Investors flip housing markets, and home buyers are reeling
...
Now, the BeltLine was being extended to southwest Atlanta, and investors were betting on the same transformation. They bought nearly 26,000 homes in the Atlanta area in 2018, largely in the southwestern quadrant of the city — including at least four on Boulevard Lorraine.

The same story is playing out across the country. A confluence of factors — rising construction costs, restrictive zoning rules and shifting consumer preferences, among others — has already led to a scarcity of affordably priced housing in many big cities. Investors, fueled by Wall Street capital, are snapping up much of what remains.
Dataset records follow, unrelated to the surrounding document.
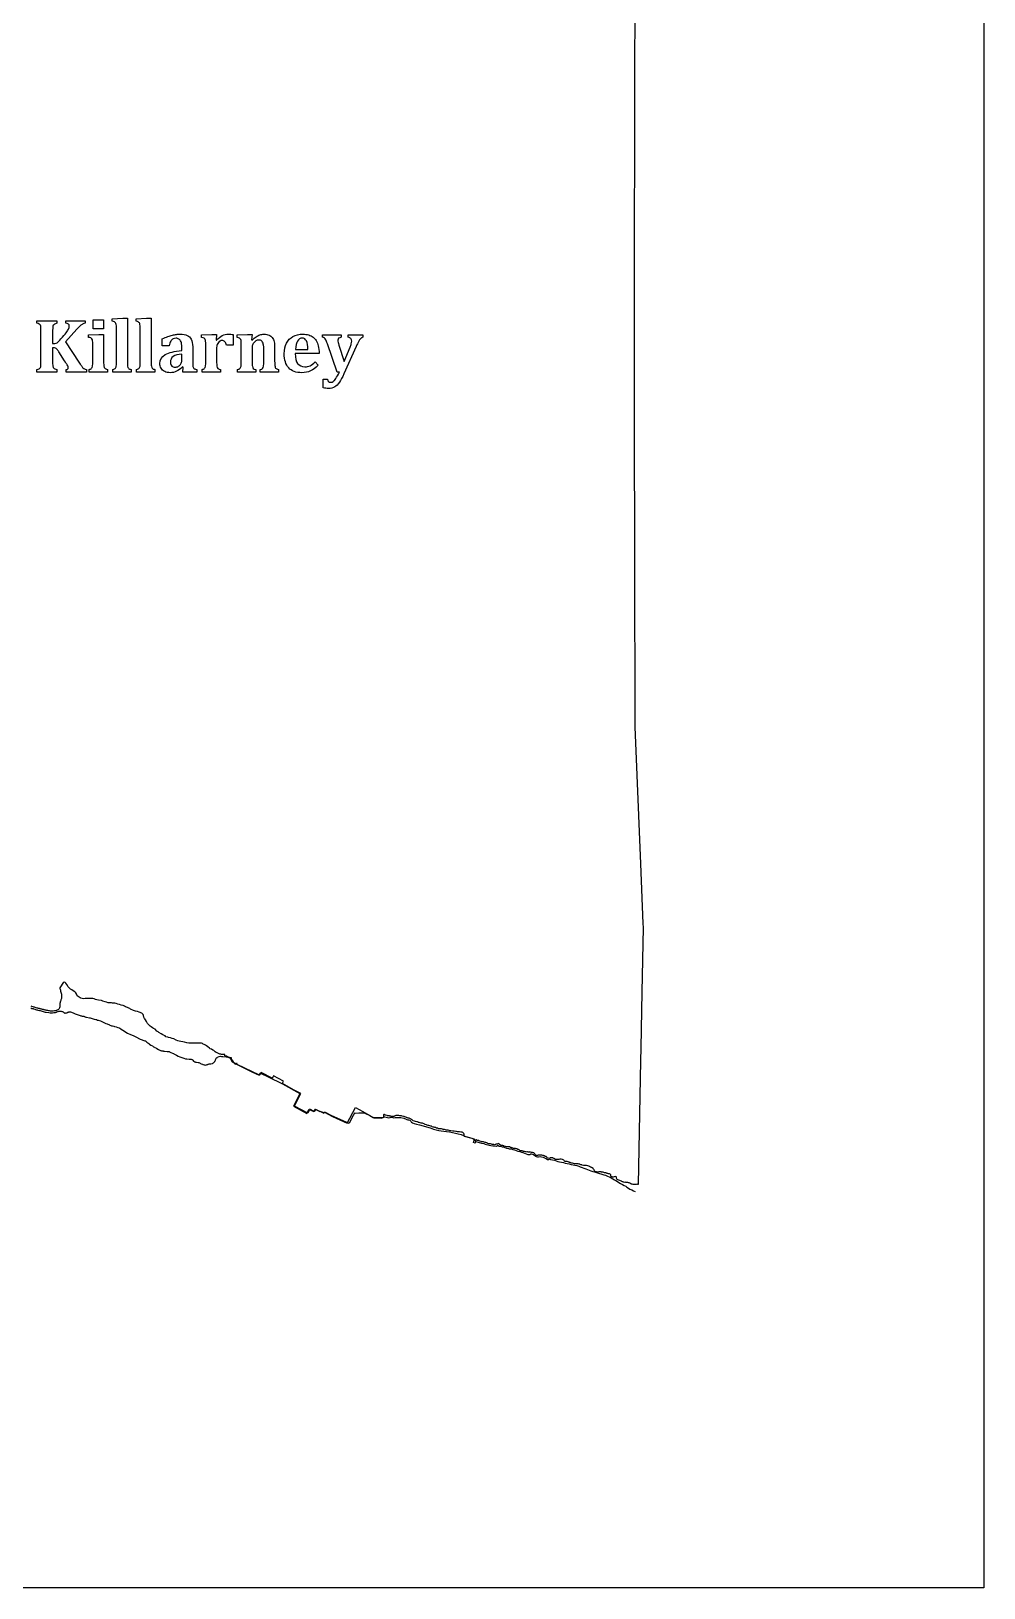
# Model space of a CAD drawing. Extents: x 0 to 800, y 146 to 730.
# Drawn here: x 705 to 800, y 146 to 301.3 of the extents above; entities that cross this region are included whole.
import ezdxf

# ---------------------------------------------------------------- set-up
doc = ezdxf.new("R2010")
doc.units = 0
doc.layers.get('0').update_dxf_attribs({"linetype": 'CONTINUOUS'})

msp = doc.modelspace()

# ---------------------------------------------------------------- linework, layer by layer
at = {"color": 7}
for points in [[(0, 730), (800, 730), (800, 146), (0, 146), (0, 730)], [(705.59056, 272.12548), (705.59056, 272.372984), (707.559312, 272.372984), (707.559312, 272.12548)], [(708.470496, 272.12548), (708.470496, 272.372984), (710.386744, 272.372984), (710.386744, 272.117984)], [(712.209544, 272.470496), (712.209544, 271.551752), (711.18204, 271.551752), (711.18204, 272.470496), (712.209544, 272.470496)], [(713.09808, 272.32424), (713.09808, 272.571744), (714.136832, 272.624224), (714.605584, 272.624224), (714.605792, 268.338)], [(715.46808, 272.32424), (715.46808, 272.571744), (716.506832, 272.624224), (716.975584, 272.624224), (716.975792, 268.338)], [(705.99176, 268.19548), (705.99176, 271.427984)], [(707.154256, 271.427984), (707.154256, 270.092984), (707.232976, 270.092984)], [(709.576744, 271.521768), (708.451744, 270.261768), (709.760792, 268.251752)], [(710.739552, 270.719216), (710.739552, 270.974216), (711.7708, 271.004216), (712.239552, 271.004216), (712.239552, 268.337968)], [(713.521776, 268.337968), (713.521776, 271.262968)], [(715.891776, 268.337968), (715.891776, 271.262968)], [(718.779592, 269.879224), (718.07084, 269.879224), (718.07084, 270.561728)], [(722.004544, 270.719232), (722.004544, 270.974232), (723.03204, 271.004232), (723.504544, 271.004232), (723.45204, 270.438)], [(723.45204, 270.438), (723.50076, 270.42672)], [(725.169512, 270.985496), (725.169512, 269.950496), (724.49076, 269.950496)], [(725.544608, 270.719216), (725.544608, 270.974216), (726.572104, 271.004216), (727.044608, 271.004216), (726.988368, 270.464216), (727.033328, 270.452936)], [(734.05704, 270.726776), (734.05704, 270.974272), (735.928296, 270.974272), (735.928296, 270.726776)], [(736.625816, 270.726776), (736.625816, 270.974272), (738.084568, 270.974272), (738.084568, 270.723024)], [(707.229496, 269.6842), (707.154536, 269.6842), (707.154536, 268.195448)], [(708.350744, 268.379216), (707.776992, 269.264216)], [(711.155816, 268.334248), (711.155816, 270.078)], [(720.032056, 269.39172), (720.032056, 269.747968)], [(720.035792, 268.401752), (720.035792, 269.024248)], [(721.11584, 269.77796), (721.11584, 268.315456)], [(722.420736, 268.334232), (722.420736, 269.87548)], [(723.504472, 269.534232), (723.504472, 268.337984)], [(725.9608, 268.334216), (725.9608, 269.875464)], [(727.044544, 269.78172), (727.044544, 268.337968)], [(728.207064, 268.334248), (728.207064, 269.335496)], [(729.290856, 269.710416), (729.290856, 268.33792)], [(733.719512, 269.103032), (731.342008, 269.103032)], [(731.360792, 269.508), (732.609544, 269.508)], [(735.744544, 267.254272), (735.530792, 267.254272), (734.55204, 270.07052)], [(735.684544, 269.954272), (736.224544, 268.31552), (736.820792, 269.751776)], [(737.420816, 269.808024), (736.198296, 267.085496)], [(707.559216, 267.501736), (707.559216, 267.254232), (705.590464, 267.254232), (705.590464, 267.501736)], [(710.52204, 267.498), (710.52204, 267.254248), (708.489544, 267.254248), (708.489544, 267.501752)], [(712.614528, 267.50176), (712.614528, 267.254256), (710.784528, 267.254256), (710.784544, 267.501752)], [(714.980776, 267.501752), (714.980776, 267.254248), (713.143272, 267.254248), (713.143272, 267.501752)], [(717.350776, 267.501752), (717.350776, 267.254248), (715.513272, 267.254248), (715.513272, 267.501752)], [(720.159544, 267.745496), (720.103304, 267.764216)], [(721.520808, 267.501736), (721.520808, 267.254232), (720.125808, 267.254232), (720.159544, 267.745496)], [(723.90196, 267.501736), (723.90196, 267.254232), (722.053208, 267.254232), (722.053208, 267.501736)], [(727.404528, 267.50172), (727.404528, 267.254216), (725.593272, 267.254216), (725.593272, 267.50172)], [(729.669544, 267.254248), (727.850792, 267.254248), (727.850792, 267.501752)], [(729.669584, 267.501656), (729.669544, 267.254248)], [(733.318264, 268.266784), (733.62204, 267.936752)], [(734.128296, 265.686776), (734.128296, 266.545528), (734.548296, 266.545528)]]:
    msp.add_lwpolyline(points, dxfattribs=at)
at = {"color": 1}
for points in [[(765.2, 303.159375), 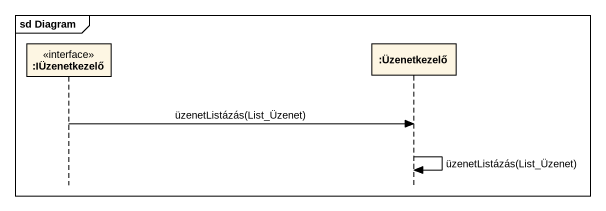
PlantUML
@startuml
mainframe sd Diagram
hide footbox
participant ":IÜzenetkezelő" as IÜzenetkezelő <<interface>>
participant ":Üzenetkezelő" as Üzenetkezelő

IÜzenetkezelő -> Üzenetkezelő : üzenetListázás(List_Üzenet)
Üzenetkezelő -> Üzenetkezelő : üzenetListázás(List_Üzenet)
@enduml
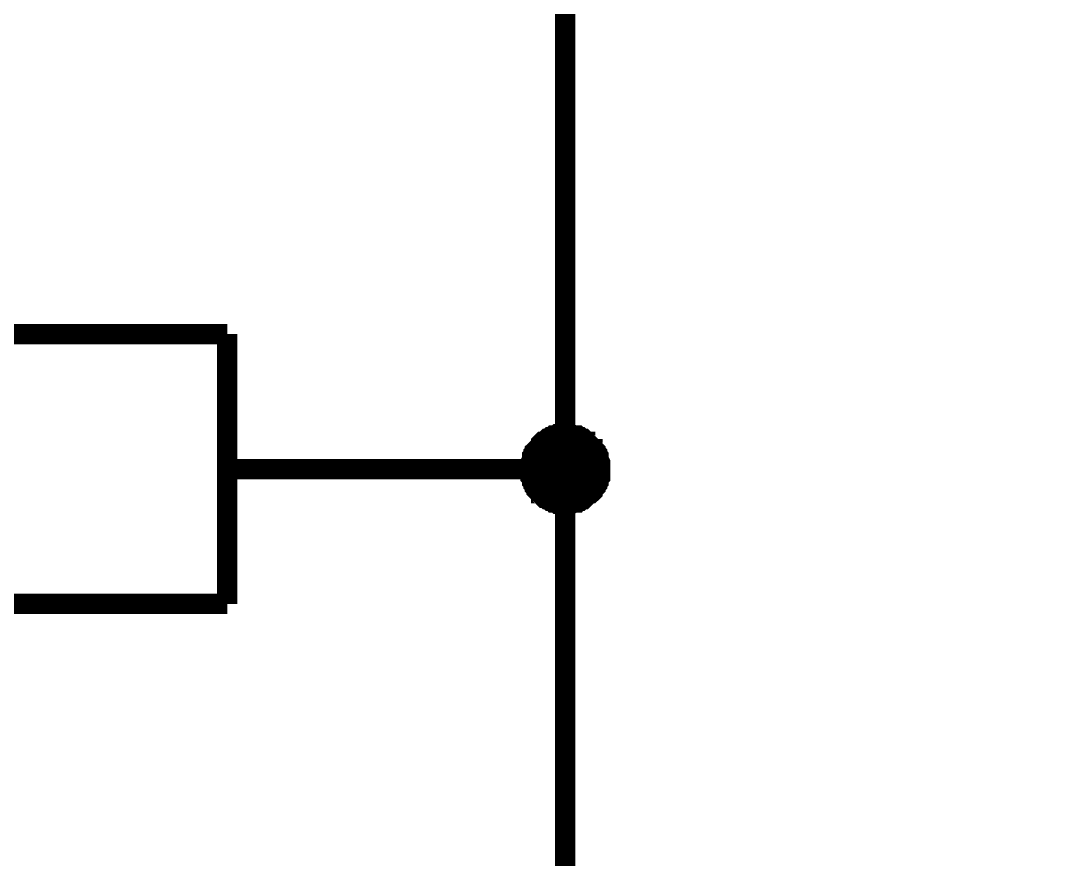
# Model space of a CAD drawing. Header units: millimetres. Extents: x 0 to 841, y 0 to 594.
# Drawn here: x 434.96 to 450.15, y 196.74 to 209.13 of the extents above; entities that cross this region are included whole.
import ezdxf

# ---------------------------------------------------------------- set-up
doc = ezdxf.new("R2010")
doc.units = ezdxf.units.MM
doc.layers.add('Sheet', color=255, linetype='Continuous')

msp = doc.modelspace()

# ---------------------------------------------------------------- linework, layer by layer
at = {"layer": 'Sheet', "color": 18, "true_color": 0x000000, "const_width": 0.3}
for points in [[(443.012, 202.502), (443.012, 202.502), (443.012, 313.978), (450.001, 313.978)], [(438.017, 204.495), (428.004, 204.495)], [(438.017, 200.509), (438.017, 204.495)], [(442.497, 202.502), (442.497, 202.524), (442.497, 202.547), (442.497, 202.569), (442.497, 202.592), (442.52, 202.636), (442.52, 202.659), (442.52, 202.681), (442.542, 202.704), (442.542, 202.726), (442.564, 202.748), (442.564, 202.771), (442.587, 202.793), (442.587, 202.793), (442.609, 202.816), (442.632, 202.838), (442.654, 202.86), (442.654, 202.883), (442.676, 202.905), (442.699, 202.905), (442.721, 202.928), (442.744, 202.95), (442.766, 202.95), (442.788, 202.972), (442.811, 202.972), (442.833, 202.995), (442.856, 202.995), (442.878, 202.995), (442.9, 203.017), (442.923, 203.017), (442.968, 203.017), (442.99, 203.017), (443.012, 203.017)], [(442.497, 202.502), (442.497, 202.524), (442.497, 202.547), (442.497, 202.569), (442.497, 202.592), (442.52, 202.636), (442.52, 202.659), (442.52, 202.681), (442.542, 202.704), (442.542, 202.726), (442.564, 202.748), (442.564, 202.771), (442.587, 202.793), (442.587, 202.793), (442.609, 202.816), (442.632, 202.838), (442.654, 202.86), (442.654, 202.883), (442.676, 202.905), (442.699, 202.905), (442.721, 202.928), (442.744, 202.95), (442.766, 202.95), (442.788, 202.972), (442.811, 202.972), (442.833, 202.995), (442.856, 202.995), (442.878, 202.995), (442.9, 203.017), (442.923, 203.017), (442.968, 203.017), (442.99, 203.017), (443.012, 203.017)], [(442.497, 202.502), (442.497, 202.524), (442.497, 202.547), (442.497, 202.569), (442.497, 202.592), (442.52, 202.636), (442.52, 202.659), (442.52, 202.681), (442.542, 202.704), (442.542, 202.726), (442.564, 202.748), (442.564, 202.771), (442.587, 202.793), (442.587, 202.793), (442.609, 202.816), (442.632, 202.838), (442.654, 202.86), (442.654, 202.883), (442.676, 202.905), (442.699, 202.905), (442.721, 202.928), (442.744, 202.95), (442.766, 202.95), (442.788, 202.972), (442.811, 202.972), (442.833, 202.995), (442.856, 202.995), (442.878, 202.995), (442.9, 203.017), (442.923, 203.017), (442.968, 203.017), (442.99, 203.017), (443.012, 203.017)], [(442.497, 202.502), (442.497, 202.524), (442.497, 202.547), (442.497, 202.569), (442.497, 202.592), (442.52, 202.636), (442.52, 202.659), (442.52, 202.681), (442.542, 202.704), (442.542, 202.726), (442.564, 202.748), (442.564, 202.771), (442.587, 202.793), (442.587, 202.793), (442.609, 202.816), (442.632, 202.838), (442.654, 202.86), (442.654, 202.883), (442.676, 202.905), (442.699, 202.905), (442.721, 202.928), (442.744, 202.95), (442.766, 202.95), (442.788, 202.972), (442.811, 202.972), (442.833, 202.995), (442.856, 202.995), (442.878, 202.995), (442.9, 203.017), (442.923, 203.017), (442.968, 203.017), (442.99, 203.017), (443.012, 203.017)], [(442.497, 202.502), (442.497, 202.524), (442.497, 202.547), (442.497, 202.569), (442.497, 202.592), (442.52, 202.636), (442.52, 202.659), (442.52, 202.681), (442.542, 202.704), (442.542, 202.726), (442.564, 202.748), (442.564, 202.771), (442.587, 202.793), (442.587, 202.793), (442.609, 202.816), (442.632, 202.838), (442.654, 202.86), (442.654, 202.883), (442.676, 202.905), (442.699, 202.905), (442.721, 202.928), (442.744, 202.95), (442.766, 202.95), (442.788, 202.972), (442.811, 202.972), (442.833, 202.995), (442.856, 202.995), (442.878, 202.995), (442.9, 203.017), (442.923, 203.017), (442.968, 203.017), (442.99, 203.017), (443.012, 203.017)], [(442.497, 202.502), (442.497, 202.524), (442.497, 202.547), (442.497, 202.569), (442.497, 202.592), (442.52, 202.636), (442.52, 202.659), (442.52, 202.681), (442.542, 202.704), (442.542, 202.726), (442.564, 202.748), (442.564, 202.771), (442.587, 202.793), (442.587, 202.793), (442.609, 202.816), (442.632, 202.838), (442.654, 202.86), (442.654, 202.883), (442.676, 202.905), (442.699, 202.905), (442.721, 202.928), (442.744, 202.95), (442.766, 202.95), (442.788, 202.972), (442.811, 202.972), (442.833, 202.995), (442.856, 202.995), (442.878, 202.995), (442.9, 203.017), (442.923, 203.017), (442.968, 203.017), (442.99, 203.017), (443.012, 203.017)], [(442.497, 202.502), (442.497, 202.524), (442.497, 202.547), (442.497, 202.569), (442.497, 202.592), (442.52, 202.636), (442.52, 202.659), (442.52, 202.681), (442.542, 202.704), (442.542, 202.726), (442.564, 202.748), (442.564, 202.771), (442.587, 202.793), (442.587, 202.793), (442.609, 202.816), (442.632, 202.838), (442.654, 202.86), (442.654, 202.883), (442.676, 202.905), (442.699, 202.905), (442.721, 202.928), (442.744, 202.95), (442.766, 202.95), (442.788, 202.972), (442.811, 202.972), (442.833, 202.995), (442.856, 202.995), (442.878, 202.995), (442.9, 203.017), (442.923, 203.017), (442.968, 203.017), (442.99, 203.017), (443.012, 203.017)], [(442.497, 202.502), (442.497, 202.524), (442.497, 202.547), (442.497, 202.569), (442.497, 202.592), (442.52, 202.636), (442.52, 202.659), (442.52, 202.681), (442.542, 202.704), (442.542, 202.726), (442.564, 202.748), (442.564, 202.771), (442.587, 202.793), (442.587, 202.793), (442.609, 202.816), (442.632, 202.838), (442.654, 202.86), (442.654, 202.883), (442.676, 202.905), (442.699, 202.905), (442.721, 202.928), (442.744, 202.95), (442.766, 202.95), (442.788, 202.972), (442.811, 202.972), (442.833, 202.995), (442.856, 202.995), (442.878, 202.995), (442.9, 203.017), (442.923, 203.017), (442.968, 203.017), (442.99, 203.017), (443.012, 203.017)], [(443.012, 203.017), (443.012, 203.017)], [(443.012, 203.017), (443.035, 203.017), (443.057, 203.017), (443.08, 203.017), (443.102, 203.017), (443.147, 202.995), (443.169, 202.995), (443.192, 202.995), (443.214, 202.972), (443.236, 202.972), (443.259, 202.95), (443.281, 202.95), (443.304, 202.928), (443.304, 202.905), (443.326, 202.905), (443.348, 202.883), (443.371, 202.86), (443.393, 202.838), (443.416, 202.816), (443.416, 202.793), (443.438, 202.793), (443.46, 202.771), (443.46, 202.748), (443.483, 202.726), (443.483, 202.704), (443.505, 202.681), (443.505, 202.659), (443.505, 202.636), (443.528, 202.592), (443.528, 202.569), (443.528, 202.547), (443.528, 202.524), (443.528, 202.502)], [(443.012, 203.017), (443.012, 203.017)], [(443.012, 203.017), (443.035, 203.017), (443.057, 203.017), (443.08, 203.017), (443.102, 203.017), (443.147, 202.995), (443.169, 202.995), (443.192, 202.995), (443.214, 202.972), (443.236, 202.972), (443.259, 202.95), (443.281, 202.95), (443.304, 202.928), (443.304, 202.905), (443.326, 202.905), (443.348, 202.883), (443.371, 202.86), (443.393, 202.838), (443.416, 202.816), (443.416, 202.793), (443.438, 202.793), (443.46, 202.771), (443.46, 202.748), (443.483, 202.726), (443.483, 202.704), (443.505, 202.681), (443.505, 202.659), (443.505, 202.636), (443.528, 202.592), (443.528, 202.569), (443.528, 202.547), (443.528, 202.524), (443.528, 202.502)], [(443.012, 203.017), (443.012, 203.017)], [(443.012, 203.017), (443.035, 203.017), (443.057, 203.017), (443.08, 203.017), (443.102, 203.017), (443.147, 202.995), (443.169, 202.995), (443.192, 202.995), (443.214, 202.972), (443.236, 202.972), (443.259, 202.95), (443.281, 202.95), (443.304, 202.928), (443.304, 202.905), (443.326, 202.905), (443.348, 202.883), (443.371, 202.86), (443.393, 202.838), (443.416, 202.816), (443.416, 202.793), (443.438, 202.793), (443.46, 202.771), (443.46, 202.748), (443.483, 202.726), (443.483, 202.704), (443.505, 202.681), (443.505, 202.659), (443.505, 202.636), (443.528, 202.592), (443.528, 202.569), (443.528, 202.547), (443.528, 202.524), (443.528, 202.502)], [(443.012, 203.017), (443.012, 203.017)], [(443.012, 203.017), (443.035, 203.017), (443.057, 203.017), (443.08, 203.017), (443.102, 203.017), (443.147, 202.995), (443.169, 202.995), (443.192, 202.995), (443.214, 202.972), (443.236, 202.972), (443.259, 202.95), (443.281, 202.95), (443.304, 202.928), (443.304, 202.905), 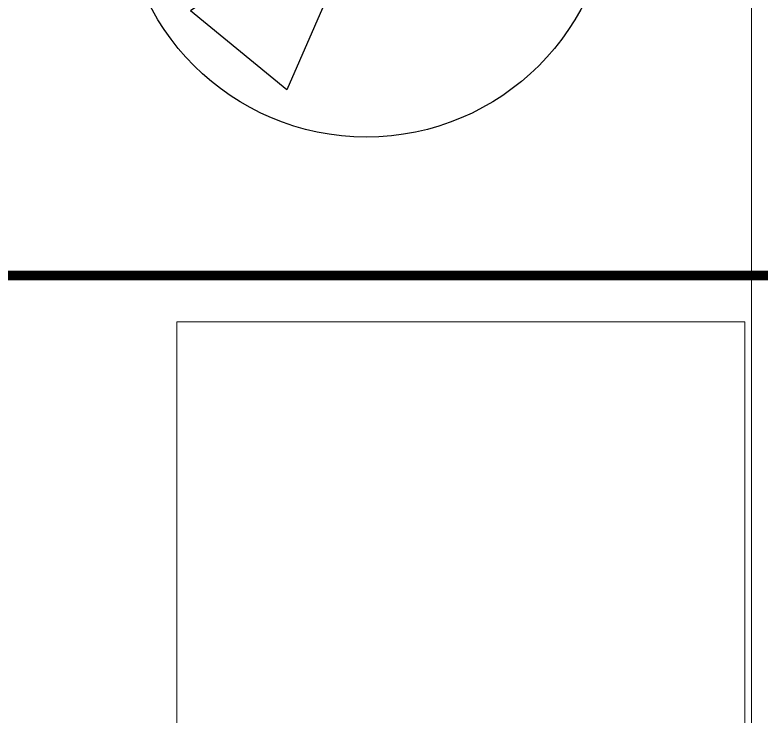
# Model space of a CAD drawing. Extents: x -1281 to 23780, y 0 to 7214.
# Drawn here: x 3903 to 3981.5, y 2676.8 to 2750.6 of the extents above; entities that cross this region are included whole.
import ezdxf

# ---------------------------------------------------------------- set-up
doc = ezdxf.new("R2010")
doc.units = 0
doc.header["$LTSCALE"] = 25
doc.header["$MEASUREMENT"] = 0
doc.linetypes.add('HIDDEN2', pattern=[4.7625, 3.175, -1.5875])
doc.layers.get('0').update_dxf_attribs({"color": 9, "lineweight": 9})
for name, color, linetype, lineweight in [('05', 9, 'Continuous', 9), ('10', 9, 'Continuous', 9), ('14', 9, 'Continuous', 9), ('21', 9, 'Continuous', 9), ('40', 9, 'Continuous', 9), ('E-DAHİLİ DOME KAMERA', 7, 'Continuous', 30)]:
    doc.layers.add(name, color=color, linetype=linetype, lineweight=lineweight)

# ---------------------------------------------------------------- blocks, each defined once
blk = doc.blocks.new('Group-8-1')
blk.add_lwpolyline([(384792.39499, 69160.77597), (384792.39499, 69159.41719), (384792.2453, 69159.41719), (384792.2453, 69159.34149), (384790.2453, 69159.34149), (384790.24535, 69160.19815), (384791.79725, 69160.19849), (384791.79725, 69160.77597)], close=True)
at = {"flags": 128}
blk.add_lwpolyline([(384792.2453, 69159.41719), (384792.39499, 69159.41719), (384792.39499, 69160.77597), (384791.79725, 69160.77597), (384791.79725, 69160.19849)], dxfattribs=at)
blk = doc.blocks.new('Group-19-11')
blk.add_blockref('Group-8-1', (-384790.2453, -69161.64849))
blk = doc.blocks.new('p-zemin kat')
at = {"layer": '14'}
blk.add_lwpolyline([(3908, 2819.3), (3908, 2803), (3980.5, 2803), (3980.5, 2803), (3980.5, 2803), (3980.5, 2363), (4060.5, 2363), (4069.5, 2363), (4069.5, 2382), (4064.5, 2382), (4064.5, 2447), (3999.5, 2447), (3999.5, 2743), (4064.5, 2743), (4064.5, 2808), (4069.5, 2808), (4069.5, 2826.861)], dxfattribs=at)
at = {"layer": '40'}
blk.add_lwpolyline([(3980.5, 2405), (3364.5, 2405), (3364.5, 2447), (3280.5, 2447), (3280.5, 2743), (3364.5, 2743), (3364.5, 2803), (3980.5, 2803)], close=True, dxfattribs=at)
blk = doc.blocks.new('100_DAHİLİ DOME KAMERA')
at = {"layer": 'E-DAHİLİ DOME KAMERA', "color": 4}
for p, q in [((-1.9364, 0.715), (-1.9364, -0.6891)), ((0.8196, 0.715), (-1.9364, 0.715)), ((0.8196, -0.6891), (0.8196, 0.715)), ((0.8196, 0.2938), (2.1306, 0.6684)), ((2.1306, 0.6684), (2.1306, -0.6426)), ((0.8196, -0.268), (2.1306, -0.6426)), ((-1.9364, -0.6891), (0.8196, -0.6891))]:
    blk.add_line(p, q, dxfattribs=at)
at = {"layer": 'E-DAHİLİ DOME KAMERA', "color": 4, "linetype": 'Continuous'}
blk.add_circle((0, 0), 2.5656, dxfattribs=at)

msp = doc.modelspace()

# ---------------------------------------------------------------- linework, layer by layer
at = {"layer": '21', "linetype": 'HIDDEN2', "ltscale": 0.1, "const_width": 1}
msp.add_lwpolyline([(3271.719, 2881.806), (4011.44, 2881.806), (4011.44, 2723.154), (3271.719, 2723.154)], close=True, dxfattribs=at)

# ---------------------------------------------------------------- block references
at = {"layer": '05', "color": 7, "xscale": 100, "yscale": 100, "zscale": 100}
msp.add_blockref('Group-19-11', (3764.829, 2805.521), dxfattribs=at)
at = {"layer": '10'}
msp.add_blockref('p-zemin kat', (0, 0), dxfattribs=at)
at = {"layer": 'E-DAHİLİ DOME KAMERA', "xscale": 10, "yscale": 10, "zscale": 10, "rotation": 230.5497204717321}
msp.add_blockref('100_DAHİLİ DOME KAMERA', (3939.963, 2763.382), dxfattribs=at)

doc.saveas('drawing.dxf')

“If it weren’t bad enough out there for first-time homebuyers, the additional competition from investors is increasingly pushing starter homes out of the reach of many households,” said Ralph McLaughlin, deputy chief economist at CoreLogic, a provider of real estate data.
...
For decades, single-family homes were an investment primarily for people who wanted to live in them. Real estate investors were around, but they were mostly individuals or small partnerships. That changed with the Great Recession and its aftermath, when investors bought at least 2 million homes, and almost certainly far more than that, with prices depressed. Large-scale institutional investors bought tens of thousands of homes for less than they cost to build.

At first, the flood of capital seemed like a one-time opportunity arising from the collapse of the residential real estate market. Once the bargains dried up, the investors were expected to stop buying.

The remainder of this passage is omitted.